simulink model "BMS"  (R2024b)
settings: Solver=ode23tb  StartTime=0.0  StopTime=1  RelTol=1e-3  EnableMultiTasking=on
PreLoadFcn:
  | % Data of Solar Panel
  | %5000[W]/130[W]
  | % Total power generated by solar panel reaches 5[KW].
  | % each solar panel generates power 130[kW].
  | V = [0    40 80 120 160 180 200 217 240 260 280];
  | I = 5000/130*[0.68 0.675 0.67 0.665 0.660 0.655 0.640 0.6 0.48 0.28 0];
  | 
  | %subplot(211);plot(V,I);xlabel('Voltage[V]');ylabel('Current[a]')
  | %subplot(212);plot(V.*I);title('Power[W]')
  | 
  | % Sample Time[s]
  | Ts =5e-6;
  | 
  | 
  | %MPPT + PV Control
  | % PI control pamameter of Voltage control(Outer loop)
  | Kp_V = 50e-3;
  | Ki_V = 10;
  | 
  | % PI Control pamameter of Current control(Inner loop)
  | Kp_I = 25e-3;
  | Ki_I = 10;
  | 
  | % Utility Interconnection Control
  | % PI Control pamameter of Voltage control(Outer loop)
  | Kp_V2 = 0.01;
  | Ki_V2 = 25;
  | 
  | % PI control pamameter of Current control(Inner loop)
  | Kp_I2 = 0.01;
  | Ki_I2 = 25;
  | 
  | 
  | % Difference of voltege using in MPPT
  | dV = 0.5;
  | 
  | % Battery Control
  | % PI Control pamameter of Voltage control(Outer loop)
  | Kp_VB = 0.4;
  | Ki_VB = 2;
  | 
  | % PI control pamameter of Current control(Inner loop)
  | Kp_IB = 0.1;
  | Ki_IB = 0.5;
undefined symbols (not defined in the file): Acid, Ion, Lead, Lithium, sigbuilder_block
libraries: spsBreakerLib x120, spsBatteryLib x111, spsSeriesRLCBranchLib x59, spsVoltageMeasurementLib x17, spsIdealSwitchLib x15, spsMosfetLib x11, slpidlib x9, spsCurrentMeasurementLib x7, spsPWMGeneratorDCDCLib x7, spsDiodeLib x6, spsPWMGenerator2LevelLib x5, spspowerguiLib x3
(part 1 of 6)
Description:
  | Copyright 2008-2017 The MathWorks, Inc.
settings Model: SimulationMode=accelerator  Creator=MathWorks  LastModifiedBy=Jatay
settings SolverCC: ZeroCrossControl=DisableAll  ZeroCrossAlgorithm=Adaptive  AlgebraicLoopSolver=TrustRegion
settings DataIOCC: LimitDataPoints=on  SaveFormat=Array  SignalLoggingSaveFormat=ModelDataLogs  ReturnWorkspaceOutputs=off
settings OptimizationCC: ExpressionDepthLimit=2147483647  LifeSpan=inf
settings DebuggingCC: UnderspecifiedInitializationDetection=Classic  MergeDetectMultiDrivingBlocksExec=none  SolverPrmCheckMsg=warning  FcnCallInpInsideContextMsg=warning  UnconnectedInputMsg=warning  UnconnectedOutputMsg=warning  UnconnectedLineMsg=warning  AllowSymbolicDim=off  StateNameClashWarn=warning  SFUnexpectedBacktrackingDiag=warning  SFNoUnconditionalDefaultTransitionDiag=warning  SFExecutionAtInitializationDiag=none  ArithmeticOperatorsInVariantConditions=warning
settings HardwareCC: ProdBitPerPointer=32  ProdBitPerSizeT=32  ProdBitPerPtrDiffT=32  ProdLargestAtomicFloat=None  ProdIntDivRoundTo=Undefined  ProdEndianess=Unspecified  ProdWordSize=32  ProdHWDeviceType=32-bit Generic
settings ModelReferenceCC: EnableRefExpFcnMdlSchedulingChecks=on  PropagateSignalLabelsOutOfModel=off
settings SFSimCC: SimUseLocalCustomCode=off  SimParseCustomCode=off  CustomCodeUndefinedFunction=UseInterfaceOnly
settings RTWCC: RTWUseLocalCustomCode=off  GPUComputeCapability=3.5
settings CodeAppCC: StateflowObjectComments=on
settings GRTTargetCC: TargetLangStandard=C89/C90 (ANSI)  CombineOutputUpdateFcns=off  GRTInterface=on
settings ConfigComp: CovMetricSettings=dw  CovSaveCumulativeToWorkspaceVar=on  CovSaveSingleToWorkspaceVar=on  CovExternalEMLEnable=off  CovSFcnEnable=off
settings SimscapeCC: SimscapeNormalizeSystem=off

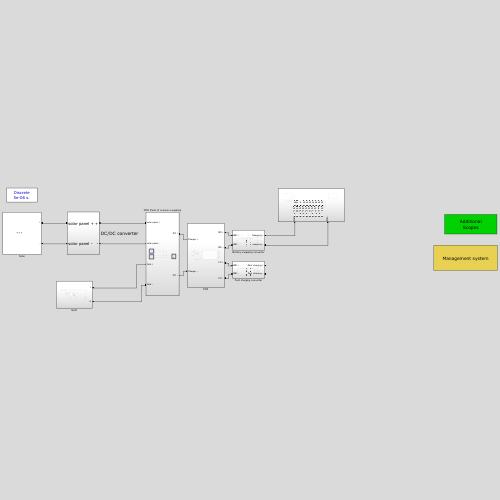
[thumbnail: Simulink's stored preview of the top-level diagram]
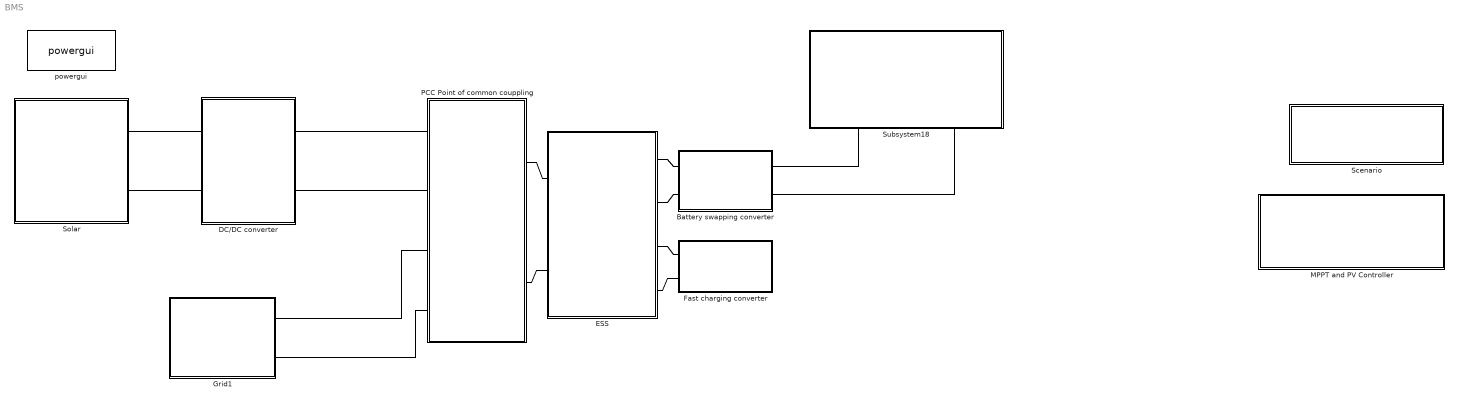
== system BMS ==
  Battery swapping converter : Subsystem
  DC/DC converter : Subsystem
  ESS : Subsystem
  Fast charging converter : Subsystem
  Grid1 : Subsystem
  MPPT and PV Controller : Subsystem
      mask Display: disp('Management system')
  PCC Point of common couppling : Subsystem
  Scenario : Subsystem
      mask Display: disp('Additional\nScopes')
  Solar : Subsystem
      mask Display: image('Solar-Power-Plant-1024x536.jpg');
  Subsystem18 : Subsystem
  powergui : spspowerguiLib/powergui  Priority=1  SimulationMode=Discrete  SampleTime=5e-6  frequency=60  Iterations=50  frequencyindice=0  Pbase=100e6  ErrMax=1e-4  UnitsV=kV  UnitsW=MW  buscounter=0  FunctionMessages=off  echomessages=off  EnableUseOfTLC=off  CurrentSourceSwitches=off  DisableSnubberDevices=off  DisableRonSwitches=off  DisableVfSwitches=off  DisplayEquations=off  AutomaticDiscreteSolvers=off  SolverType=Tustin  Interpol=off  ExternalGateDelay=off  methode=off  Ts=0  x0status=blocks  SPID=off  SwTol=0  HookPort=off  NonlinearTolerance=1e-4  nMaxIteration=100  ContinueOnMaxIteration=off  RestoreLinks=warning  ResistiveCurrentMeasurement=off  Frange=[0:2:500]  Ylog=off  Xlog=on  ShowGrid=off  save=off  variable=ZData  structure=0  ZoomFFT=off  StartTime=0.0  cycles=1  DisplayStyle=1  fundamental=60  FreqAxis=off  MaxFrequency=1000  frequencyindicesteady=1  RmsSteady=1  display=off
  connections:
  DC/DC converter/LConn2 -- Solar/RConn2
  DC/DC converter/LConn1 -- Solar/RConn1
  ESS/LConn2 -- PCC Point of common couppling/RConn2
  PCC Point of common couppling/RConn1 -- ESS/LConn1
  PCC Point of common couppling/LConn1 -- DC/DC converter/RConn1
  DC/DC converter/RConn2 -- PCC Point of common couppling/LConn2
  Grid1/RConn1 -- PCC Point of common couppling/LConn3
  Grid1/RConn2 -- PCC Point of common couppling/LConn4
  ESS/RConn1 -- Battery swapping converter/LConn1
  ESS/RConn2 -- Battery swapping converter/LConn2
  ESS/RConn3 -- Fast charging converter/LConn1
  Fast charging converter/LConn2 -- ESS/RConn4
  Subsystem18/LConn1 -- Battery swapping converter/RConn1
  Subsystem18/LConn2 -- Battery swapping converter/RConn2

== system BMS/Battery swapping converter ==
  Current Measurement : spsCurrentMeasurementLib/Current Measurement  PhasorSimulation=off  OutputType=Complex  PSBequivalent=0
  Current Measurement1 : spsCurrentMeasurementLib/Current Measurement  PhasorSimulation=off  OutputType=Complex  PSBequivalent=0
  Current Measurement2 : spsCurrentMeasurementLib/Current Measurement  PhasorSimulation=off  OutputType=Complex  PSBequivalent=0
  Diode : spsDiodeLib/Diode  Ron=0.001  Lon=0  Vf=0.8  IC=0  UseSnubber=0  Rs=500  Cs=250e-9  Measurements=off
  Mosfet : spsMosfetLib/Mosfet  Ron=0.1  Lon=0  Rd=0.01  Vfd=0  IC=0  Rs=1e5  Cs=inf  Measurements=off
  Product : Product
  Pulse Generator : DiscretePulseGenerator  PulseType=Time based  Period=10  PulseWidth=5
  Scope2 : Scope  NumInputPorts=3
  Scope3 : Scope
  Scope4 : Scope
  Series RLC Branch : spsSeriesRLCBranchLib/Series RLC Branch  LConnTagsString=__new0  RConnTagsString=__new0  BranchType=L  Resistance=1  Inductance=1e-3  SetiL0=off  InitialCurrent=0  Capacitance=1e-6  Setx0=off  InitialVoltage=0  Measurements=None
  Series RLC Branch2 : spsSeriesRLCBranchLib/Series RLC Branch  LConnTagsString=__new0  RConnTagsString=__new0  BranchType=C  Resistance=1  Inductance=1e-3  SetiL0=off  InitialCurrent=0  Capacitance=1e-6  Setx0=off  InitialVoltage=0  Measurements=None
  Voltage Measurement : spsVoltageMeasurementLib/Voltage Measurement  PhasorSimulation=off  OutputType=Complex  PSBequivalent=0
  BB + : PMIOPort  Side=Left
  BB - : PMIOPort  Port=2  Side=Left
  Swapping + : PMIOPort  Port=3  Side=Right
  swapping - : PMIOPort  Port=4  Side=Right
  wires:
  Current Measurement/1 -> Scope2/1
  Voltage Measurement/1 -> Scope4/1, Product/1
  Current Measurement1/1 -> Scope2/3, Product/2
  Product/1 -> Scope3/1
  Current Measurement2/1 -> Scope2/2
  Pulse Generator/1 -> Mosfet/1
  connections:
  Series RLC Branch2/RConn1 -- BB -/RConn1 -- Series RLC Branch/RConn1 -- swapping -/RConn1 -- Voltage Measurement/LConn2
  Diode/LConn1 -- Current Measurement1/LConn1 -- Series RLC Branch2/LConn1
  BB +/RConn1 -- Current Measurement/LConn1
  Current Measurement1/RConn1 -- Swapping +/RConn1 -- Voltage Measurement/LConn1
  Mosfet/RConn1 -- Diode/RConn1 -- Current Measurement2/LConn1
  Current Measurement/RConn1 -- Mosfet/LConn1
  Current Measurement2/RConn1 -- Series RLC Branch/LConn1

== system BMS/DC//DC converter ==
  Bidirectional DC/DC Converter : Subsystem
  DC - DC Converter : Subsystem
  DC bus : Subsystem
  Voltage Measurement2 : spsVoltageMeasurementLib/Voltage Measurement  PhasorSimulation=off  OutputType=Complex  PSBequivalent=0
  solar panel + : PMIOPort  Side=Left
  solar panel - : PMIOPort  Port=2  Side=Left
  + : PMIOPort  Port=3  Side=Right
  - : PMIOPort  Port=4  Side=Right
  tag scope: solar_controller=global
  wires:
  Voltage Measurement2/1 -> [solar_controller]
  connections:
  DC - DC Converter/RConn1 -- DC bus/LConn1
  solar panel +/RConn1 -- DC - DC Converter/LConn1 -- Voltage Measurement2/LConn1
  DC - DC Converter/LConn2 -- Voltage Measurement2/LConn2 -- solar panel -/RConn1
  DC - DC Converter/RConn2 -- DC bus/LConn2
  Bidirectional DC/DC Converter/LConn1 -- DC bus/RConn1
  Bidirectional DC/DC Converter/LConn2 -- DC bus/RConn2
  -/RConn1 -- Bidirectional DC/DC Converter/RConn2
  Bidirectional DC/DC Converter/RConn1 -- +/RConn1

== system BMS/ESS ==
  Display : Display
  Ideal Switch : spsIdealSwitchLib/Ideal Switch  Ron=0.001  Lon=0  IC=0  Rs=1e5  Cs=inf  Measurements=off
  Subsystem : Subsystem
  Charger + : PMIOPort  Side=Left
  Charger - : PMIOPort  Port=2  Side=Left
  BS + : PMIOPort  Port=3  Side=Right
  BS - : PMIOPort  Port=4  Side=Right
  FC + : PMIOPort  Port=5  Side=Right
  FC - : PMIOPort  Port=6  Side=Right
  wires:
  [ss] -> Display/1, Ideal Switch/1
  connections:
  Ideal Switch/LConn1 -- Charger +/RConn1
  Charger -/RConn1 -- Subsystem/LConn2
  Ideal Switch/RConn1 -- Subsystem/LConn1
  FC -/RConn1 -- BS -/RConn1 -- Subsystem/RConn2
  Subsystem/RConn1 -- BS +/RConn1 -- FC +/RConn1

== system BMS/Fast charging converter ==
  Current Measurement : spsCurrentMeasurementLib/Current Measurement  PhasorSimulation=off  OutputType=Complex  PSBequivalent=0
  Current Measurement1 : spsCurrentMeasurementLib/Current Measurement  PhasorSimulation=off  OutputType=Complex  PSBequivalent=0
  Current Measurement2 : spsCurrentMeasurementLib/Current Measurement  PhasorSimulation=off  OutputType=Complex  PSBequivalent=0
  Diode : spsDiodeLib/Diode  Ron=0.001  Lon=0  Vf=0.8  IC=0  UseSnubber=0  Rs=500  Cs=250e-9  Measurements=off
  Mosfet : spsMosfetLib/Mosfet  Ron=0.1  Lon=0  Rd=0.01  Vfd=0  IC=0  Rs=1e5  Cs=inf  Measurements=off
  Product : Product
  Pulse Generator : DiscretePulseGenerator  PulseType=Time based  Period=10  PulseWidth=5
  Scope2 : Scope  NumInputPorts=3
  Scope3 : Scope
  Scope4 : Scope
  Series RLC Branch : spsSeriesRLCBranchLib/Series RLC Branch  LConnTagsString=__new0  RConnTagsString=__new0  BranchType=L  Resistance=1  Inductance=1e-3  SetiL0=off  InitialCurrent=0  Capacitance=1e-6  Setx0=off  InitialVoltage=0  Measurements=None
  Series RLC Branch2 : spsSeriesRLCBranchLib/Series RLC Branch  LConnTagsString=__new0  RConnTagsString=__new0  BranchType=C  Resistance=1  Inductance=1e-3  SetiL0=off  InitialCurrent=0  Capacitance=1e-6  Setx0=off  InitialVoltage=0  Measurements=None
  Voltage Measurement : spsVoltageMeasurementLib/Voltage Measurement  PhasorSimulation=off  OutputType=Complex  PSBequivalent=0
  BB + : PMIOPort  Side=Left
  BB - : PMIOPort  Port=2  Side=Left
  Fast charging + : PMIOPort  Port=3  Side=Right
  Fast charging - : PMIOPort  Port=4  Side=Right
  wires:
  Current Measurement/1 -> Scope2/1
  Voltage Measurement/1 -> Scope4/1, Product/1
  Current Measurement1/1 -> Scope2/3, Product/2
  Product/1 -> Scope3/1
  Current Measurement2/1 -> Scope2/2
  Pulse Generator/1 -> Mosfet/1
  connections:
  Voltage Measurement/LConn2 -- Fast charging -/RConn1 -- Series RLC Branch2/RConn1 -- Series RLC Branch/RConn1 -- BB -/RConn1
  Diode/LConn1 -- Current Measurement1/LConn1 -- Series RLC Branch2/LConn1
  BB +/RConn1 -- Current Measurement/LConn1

========================

ABOUT THIS TASK: Look above for the line with "Voltage Measurement2 : spsVoltageMeasurementLib/Voltage" and the line with "Voltage Measurement2/1 ->". Write out those two lines and all the lines between them, exactly, and no others.

RESULT OF THIS EXERCISE:
  Voltage Measurement2 : spsVoltageMeasurementLib/Voltage Measurement  PhasorSimulation=off  OutputType=Complex  PSBequivalent=0
  solar panel + : PMIOPort  Side=Left
  solar panel - : PMIOPort  Port=2  Side=Left
  + : PMIOPort  Port=3  Side=Right
  - : PMIOPort  Port=4  Side=Right
  tag scope: solar_controller=global
  wires:
  Voltage Measurement2/1 -> [solar_controller]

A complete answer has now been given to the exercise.